An app is a software product and so does fall within the category of products that can be covered by a patent. But what does the app actually do? As a general rule, if the app just receives information, re-arranges it and then presents it, then it might be difficult to convince an examiner or a court that the invention is patentable subject matter.
How clever is the app? A patent examiner or a court is more likely to favour an invention in which the mobile device is used to perform some relatively complex or clever algorithms. So, for example, if the app is a directory-type app, it is less likely to attract patent protection than an app that is capable of predicting stock price changes using heuristic algorithms. Even so, such latter applications may still not pass muster if they are, in essence, business methods.
Then there’s the timing. It could take up to 4 to 5 years to achieve patent protection. Some apps have been around for that long and are proving to be very successful. Others tend to fizzle out after a few years, even if they have generated significant cash flow during that time. While it is possible to put competitors on notice once a patent application is published, it might be difficult to obtain a damages award for the period that the patent application was pending. Of course, many investors will require that a patent application is filed. But if that’s not in the business plan, then that time factor does require consideration.
How will the patent be enforced? A patent application must set out a full disclosure of the invention and how it is to be enabled. However, an infringer does not have the same obligation. The app may be of the type that would indicate clear infringement just from executing the copy. But there may be cases in which one simply cannot determine whether or not the invention is being copied, even though market share is being lost.
And never forget the cost.
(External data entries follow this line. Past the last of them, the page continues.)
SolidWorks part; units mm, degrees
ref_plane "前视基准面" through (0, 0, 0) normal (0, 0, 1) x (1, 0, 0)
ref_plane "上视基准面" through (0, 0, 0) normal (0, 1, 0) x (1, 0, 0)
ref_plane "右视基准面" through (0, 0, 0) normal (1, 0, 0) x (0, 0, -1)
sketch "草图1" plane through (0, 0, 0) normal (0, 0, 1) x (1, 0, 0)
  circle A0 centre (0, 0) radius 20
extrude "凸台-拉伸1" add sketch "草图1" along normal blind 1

It can be expensive to have a patent application prepared and filed for a software product. Not only that, but the cost of prosecuting the application through to grant of a patent can also be costly. This is a function of the difficulty in writing software patent specifications. It is also a function of the fact that there seems to be a large amount of art out there which is difficult to filter and analyse. While the examiners are improving, it can be difficult to convey an understanding of the invention to an examiner.
So, at the end of the day, careful consideration is required before deciding to file a patent application covering an app. The journey can be harrowing without a generous budget and a product that is relatively sophisticated from an algorithmic point of view.